La Seine tant de fois dépliée, glisse entre les falaises de craie découpées d'aiguilles ou creusées de grottes. Ici on dit des boves.
Nous sommes en 1659. Un homme fait les cent pas dans la cour du château de la Roche-Guyon. François de la Rochefoucauld médite. L'auteur des Maximes, c'est lui. Mazarin avec qui il a fait le voyage de Paris à ici, lui a dit en plaisantant : "Qui aurait pu croire, il y a seulement huit jours que nous serions dans le même carrosse". Il s’est entendu répondre : "Tout arrive en France ! "
Celui qui aux côtés du prince de Condé fut un des frondeurs les plus ardents, contemple le donjon. Il vient de marier son fils, François, avec Jeanne-Charlotte du Plessis-Liancourt. Le domaine de la Roche-Guyon est entré dans la famille La Rochefoucauld. Il y demeura jusqu’en 1989.
En 1989, la famille de La Rochefoucauld remit son domaine, pour sa sauvegarde entre les mains d’une association rassemblant l’Etat, la commune de la Roche-Guyon, le Conseil régional d’Ile-de-France, le conseil général du Val d’Oise, la Caisse d’Epargne Ile-de-France Nord.
Une importante campagne de travaux fut entreprise et menée à bien. Elle déboucha sur une remise en état et une ouverture au public en 1994 organisée par le conseil général du Val d’Oise.

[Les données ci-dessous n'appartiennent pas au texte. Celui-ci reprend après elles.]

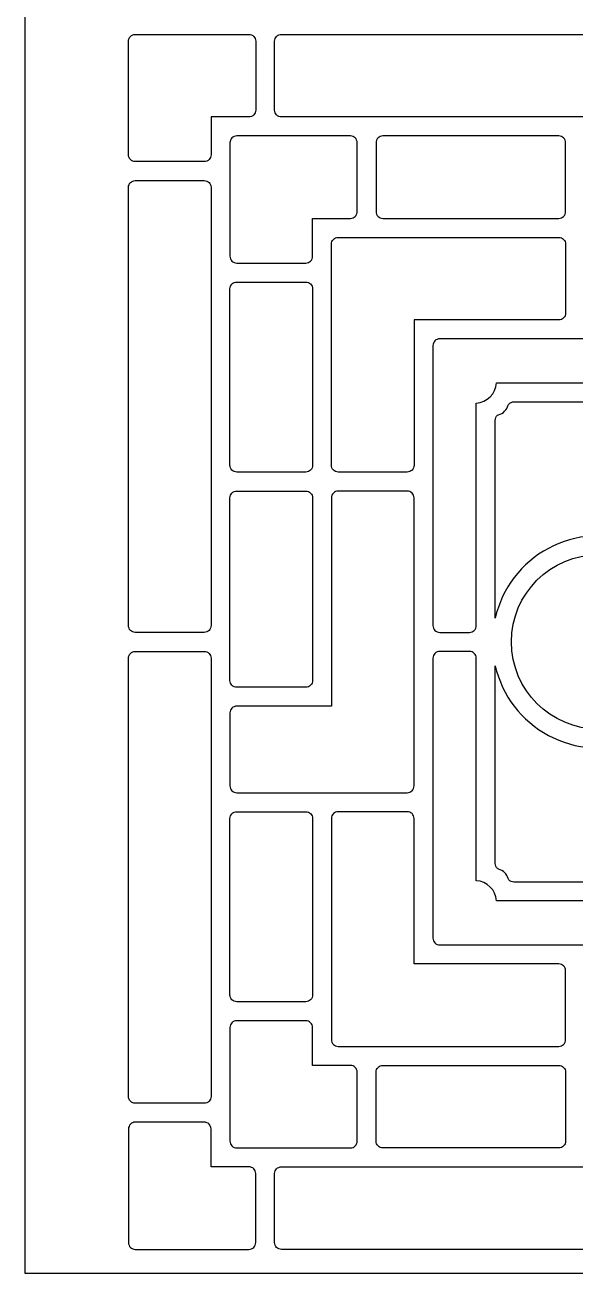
# Model space of a CAD drawing. Header units: centimetres. Extents: x 20.1 to 27, y -20.6 to 12.3.
# Drawn here: x 20.14 to 22.8, y -9 to -2.98 of the extents above; entities that cross this region are included whole.
import ezdxf

# ---------------------------------------------------------------- set-up
doc = ezdxf.new("R2010")
doc.units = ezdxf.units.CM
doc.header["$MEASUREMENT"] = 0
doc.layers.add('layer 1', color=7, linetype='Continuous')

msp = doc.modelspace()

# ---------------------------------------------------------------- linework, layer by layer
at = {"layer": 'layer 1', "color": 250}
for points, knots in [([(20.14415, -9.00015), (20.14415, -9.00015), (20.14415, 9.00077), (20.14415, 9.00077), (20.14415, 9.00077), (20.14415, 9.00077), (26.99977, 9.00077), (26.99977, 9.00077), (26.99977, 9.00077), (26.99977, 9.00077), (26.99977, -9.00015), (26.99977, -9.00015), (26.99977, -9.00015), (26.99977, -9.00015), (20.14415, -9.00015), (20.14415, -9.00015)], [0, 0, 0, 0, 0.2, 0.2, 0.2, 0.2, 0.4, 0.4, 0.4, 0.4, 0.6, 0.6, 0.6, 0.6, 1, 1, 1, 1]), ([(20.64363, -3.05534), (20.64363, -3.05534), (20.64363, -3.60379), (20.64363, -3.60379), (20.64363, -3.60379), (20.64363, -3.61245), (20.64707, -3.62075), (20.65319, -3.62687), (20.65319, -3.62687), (20.65931, -3.63299), (20.66761, -3.63643), (20.67627, -3.63643), (20.67627, -3.63643), (20.67627, -3.63643), (21.00926, -3.63643), (21.00926, -3.63643), (21.00926, -3.63643), (21.01792, -3.63643), (21.02622, -3.63299), (21.03234, -3.62687), (21.03234, -3.62687), (21.03847, -3.62075), (21.04191, -3.61245), (21.04191, -3.60379), (21.04191, -3.60379), (21.04191, -3.60379), (21.04191, -3.42097), (21.04191, -3.42097), (21.04191, -3.42097), (21.04191, -3.42097), (21.22472, -3.42097), (21.22472, -3.42097), (21.22472, -3.42097), (21.23338, -3.42097), (21.24168, -3.41753), (21.24781, -3.41141), (21.24781, -3.41141), (21.25393, -3.40529), (21.25737, -3.39698), (21.25737, -3.38833), (21.25737, -3.38833), (21.25737, -3.38833), (21.25737, -3.05534), (21.25737, -3.05534), (21.25737, -3.05534), (21.25737, -3.04668), (21.25393, -3.03838), (21.24781, -3.03225), (21.24781, -3.03225), (21.24168, -3.02613), (21.23338, -3.02269), (21.22472, -3.02269), (21.22472, -3.02269), (21.22472, -3.02269), (20.67627, -3.02269), (20.67627, -3.02269), (20.67627, -3.02269), (20.66761, -3.02269), (20.65931, -3.02613), (20.65319, -3.03225), (20.65319, -3.03225), (20.64707, -3.03838), (20.64363, -3.04668), (20.64363, -3.05534)], [0, 0, 0, 0, 0.0588235, 0.0588235, 0.0588235, 0.0588235, 0.1176471, 0.1176471, 0.1176471, 0.1176471, 0.1764706, 0.1764706, 0.1764706, 0.1764706, 0.2352941, 0.2352941, 0.2352941, 0.2352941, 0.2941176, 0.2941176, 0.2941176, 0.2941176, 0.3529412, 0.3529412, 0.3529412, 0.3529412, 0.4117647, 0.4117647, 0.4117647, 0.4117647, 0.4705882, 0.4705882, 0.4705882, 0.4705882, 0.5294118, 0.5294118, 0.5294118, 0.5294118, 0.5882353, 0.5882353, 0.5882353, 0.5882353, 0.6470588, 0.6470588, 0.6470588, 0.6470588, 0.7058824, 0.7058824, 0.7058824, 0.7058824, 0.7647059, 0.7647059, 0.7647059, 0.7647059, 0.8235294, 0.8235294, 0.8235294, 0.8235294, 0.8823529, 0.8823529, 0.8823529, 0.8823529, 1, 1, 1, 1]), ([(21.34878, -3.05534), (21.34878, -3.05534), (21.34878, -3.38833), (21.34878, -3.38833), (21.34878, -3.38833), (21.34878, -3.39698), (21.35222, -3.40529), (21.35834, -3.41141), (21.35834, -3.41141), (21.36446, -3.41753), (21.37276, -3.42097), (21.38142, -3.42097), (21.38142, -3.42097), (21.38142, -3.42097), (23.49361, -3.42097), (23.49361, -3.42097), (23.49361, -3.42097), (23.50227, -3.42097), (23.51057, -3.41753), (23.51669, -3.41141), (23.51669, -3.41141), (23.52281, -3.40529), (23.52625, -3.39698), (23.52625, -3.38833), (23.52625, -3.38833), (23.52625, -3.38833), (23.52625, -3.05534), (23.52625, -3.05534), (23.52625, -3.05534), (23.52625, -3.04668), (23.52281, -3.03838), (23.51669, -3.03225), (23.51669, -3.03225), (23.51057, -3.02613), (23.50227, -3.02269), (23.49361, -3.02269), (23.49361, -3.02269), (23.49361, -3.02269), (21.38142, -3.02269), (21.38142, -3.02269), (21.38142, -3.02269), (21.37276, -3.02269), (21.36446, -3.02613), (21.35834, -3.03225), (21.35834, -3.03225), (21.35222, -3.03838), (21.34878, -3.04668), (21.34878, -3.05534)], [0, 0, 0, 0, 0.0769231, 0.0769231, 0.0769231, 0.0769231, 0.1538462, 0.1538462, 0.1538462, 0.1538462, 0.2307692, 0.2307692, 0.2307692, 0.2307692, 0.3076923, 0.3076923, 0.3076923, 0.3076923, 0.3846154, 0.3846154, 0.3846154, 0.3846154, 0.4615385, 0.4615385, 0.4615385, 0.4615385, 0.5384615, 0.5384615, 0.5384615, 0.5384615, 0.6153846, 0.6153846, 0.6153846, 0.6153846, 0.6923077, 0.6923077, 0.6923077, 0.6923077, 0.7692308, 0.7692308, 0.7692308, 0.7692308, 0.8461538, 0.8461538, 0.8461538, 0.8461538, 1, 1, 1, 1]), ([(21.71441, -3.91066), (21.71441, -3.91066), (21.53159, -3.91066), (21.53159, -3.91066), (21.53159, -3.91066), (21.53159, -3.91066), (21.53159, -4.09348), (21.53159, -4.09348), (21.53159, -4.09348), (21.53159, -4.10213), (21.52815, -4.11044), (21.52203, -4.11656), (21.52203, -4.11656), (21.51591, -4.12268), (21.50761, -4.12612), (21.49895, -4.12612), (21.49895, -4.12612), (21.49895, -4.12612), (21.16596, -4.12612), (21.16596, -4.12612), (21.16596, -4.12612), (21.1573, -4.12612), (21.149, -4.12268), (21.14288, -4.11656), (21.14288, -4.11656), (21.13675, -4.11044), (21.13331, -4.10213), (21.13331, -4.09348), (21.13331, -4.09348), (21.13331, -4.09348), (21.13331, -3.54503), (21.13331, -3.54503), (21.13331, -3.54503), (21.13331, -3.53637), (21.13675, -3.52806), (21.14288, -3.52194), (21.14288, -3.52194), (21.149, -3.51582), (21.1573, -3.51238), (21.16596, -3.51238), (21.16596, -3.51238), (21.16596, -3.51238), (21.71441, -3.51238), (21.71441, -3.51238), (21.71441, -3.51238), (21.72307, -3.51238), (21.73137, -3.51582), (21.73749, -3.52194), (21.73749, -3.52194), (21.74362, -3.52806), (21.74706, -3.53637), (21.74706, -3.54503), (21.74706, -3.54503), (21.74706, -3.54503), (21.74706, -3.87801), (21.74706, -3.87801), (21.74706, -3.87801), (21.74706, -3.88667), (21.74362, -3.89497), (21.73749, -3.9011), (21.73749, -3.9011), (21.73137, -3.90722), (21.72307, -3.91066), (21.71441, -3.91066)], [0, 0, 0, 0, 0.0588235, 0.0588235, 0.0588235, 0.0588235, 0.1176471, 0.1176471, 0.1176471, 0.1176471, 0.1764706, 0.1764706, 0.1764706, 0.1764706, 0.2352941, 0.2352941, 0.2352941, 0.2352941, 0.2941176, 0.2941176, 0.2941176, 0.2941176, 0.3529412, 0.3529412, 0.3529412, 0.3529412, 0.4117647, 0.4117647, 0.4117647, 0.4117647, 0.4705882, 0.4705882, 0.4705882, 0.4705882, 0.5294118, 0.5294118, 0.5294118, 0.5294118, 0.5882353, 0.5882353, 0.5882353, 0.5882353, 0.6470588, 0.6470588, 0.6470588, 0.6470588, 0.7058824, 0.7058824, 0.7058824, 0.7058824, 0.7647059, 0.7647059, 0.7647059, 0.7647059, 0.8235294, 0.8235294, 0.8235294, 0.8235294, 0.8823529, 0.8823529, 0.8823529, 0.8823529, 1, 1, 1, 1]), ([(22.75255, -3.87801), (22.75255, -3.88667), (22.74911, -3.89497), (22.74299, -3.9011), (22.74299, -3.9011), (22.73686, -3.90722), (22.72856, -3.91066), (22.7199, -3.91066), (22.7199, -3.91066), (22.7199, -3.91066), (21.87111, -3.91066), (21.87111, -3.91066), (21.87111, -3.91066), (21.86245, -3.91066), (21.85415, -3.90722), (21.84803, -3.9011), (21.84803, -3.9011), (21.8419, -3.89497), (21.83846, -3.88667), (21.83846, -3.87801), (21.83846, -3.87801), (21.83846, -3.87801), (21.83846, -3.54503), (21.83846, -3.54503), (21.83846, -3.54503), (21.83846, -3.53637), (21.8419, -3.52806), (21.84803, -3.52194), (21.84803, -3.52194), (21.85415, -3.51582), (21.86245, -3.51238), (21.87111, -3.51238), (21.87111, -3.51238), (21.87111, -3.51238), (22.7199, -3.51238), (22.7199, -3.51238), (22.7199, -3.51238), (22.72856, -3.51238), (22.73686, -3.51582), (22.74299, -3.52194), (22.74299, -3.52194), (22.74911, -3.52806), (22.75255, -3.53637), (22.75255, -3.54503), (22.75255, -3.54503), (22.75255, -3.54503), (22.75255, -3.87801), (22.75255, -3.87801)], [0, 0, 0, 0, 0.0769231, 0.0769231, 0.0769231, 0.0769231, 0.1538462, 0.1538462, 0.1538462, 0.1538462, 0.2307692, 0.2307692, 0.2307692, 0.2307692, 0.3076923, 0.3076923, 0.3076923, 0.3076923, 0.3846154, 0.3846154, 0.3846154, 0.3846154, 0.4615385, 0.4615385, 0.4615385, 0.4615385, 0.5384615, 0.5384615, 0.5384615, 0.5384615, 0.6153846, 0.6153846, 0.6153846, 0.6153846, 0.6923077, 0.6923077, 0.6923077, 0.6923077, 0.7692308, 0.7692308, 0.7692308, 0.7692308, 0.8461538, 0.8461538, 0.8461538, 0.8461538, 1, 1, 1, 1]), ([(20.64363, -5.87594), (20.64363, -5.8846), (20.64707, -5.8929), (20.65319, -5.89902), (20.65319, -5.89902), (20.65931, -5.90514), (20.66761, -5.90858), (20.67627, -5.90858), (20.67627, -5.90858), (20.67627, -5.90858), (21.00926, -5.90858), (21.00926, -5.90858), (21.00926, -5.90858), (21.01792, -5.90858), (21.02622, -5.90514), (21.03234, -5.89902), (21.03234, -5.89902), (21.03847, -5.8929), (21.04191, -5.8846), (21.04191, -5.87594), (21.04191, -5.87594), (21.04191, -5.87594), (21.04191, -3.76049), (21.04191, -3.76049), (21.04191, -3.76049), (21.04191, -3.75183), (21.03847, -3.74353), (21.03234, -3.7374), (21.03234, -3.7374), (21.02622, -3.73128), (21.01792, -3.72784), (21.00926, -3.72784), (21.00926, -3.72784), (21.00926, -3.72784), (20.67627, -3.72784), (20.67627, -3.72784), (20.67627, -3.72784), (20.66761, -3.72784), (20.65931, -3.73128), (20.65319, -3.7374), (20.65319, -3.7374), (20.64707, -3.74353), (20.64363, -3.75183), (20.64363, -3.76049), (20.64363, -3.76049), (20.64363, -3.76049), (20.64363, -5.87594), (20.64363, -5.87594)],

Comment dans un cadre aussi grandiose pourrait-on être mesquin ?
L’endroit est sublime. Le donjon taillé en amande, renforcé par son éperon triangulaire, est dressé en sentinelle. Il est doublé pour la défensive d’une première enceinte renforcée avec une seconde enceinte en pointe. Il domine le méandre de la Seine qui coule 100 m plus bas dans la vallée. De l’intérieur du château, on peut aujourd’hui y accéder par un étroit escalier creusé dans la falaise. La nuit, par ciel de lune, la vue est immense, d’où le succès populaire des fameuses Nocturnes de La Roche-Guyon.
Source : d'après l'ouvrage de Claude Danis, Châteaux et manoirs en Val d'Oise, Editions du Valhermeil, 2002.
Impressions estivales (juil - 03)
Qu'on la regarde du haut du donjon ou d'un planeur envolé du plateau de Chérence, la boucle de la Seine est une beauté rare. En ce moment, les jaunes des champs de blé, le bleu rayé du ciel rappellent les toiles de Riopelle, Mitchell, et plus proche de nous François Hilsum.
La nature tout autour renvoie la blancheur des rayons du soleil qui baignent la vallée toute l'année. C'est un petit coin presque méridional (en tout cas tout à fait orienté plein sud !) à quelques kilomètres de Paris où les criquets, grillons et sauterelles campent. Des pinèdes à Moisson, des boves à Haute-Isle et Clachaloze, et un superbe donjon à la Roche-Guyon, aux trois points de la boucle on aime revenir.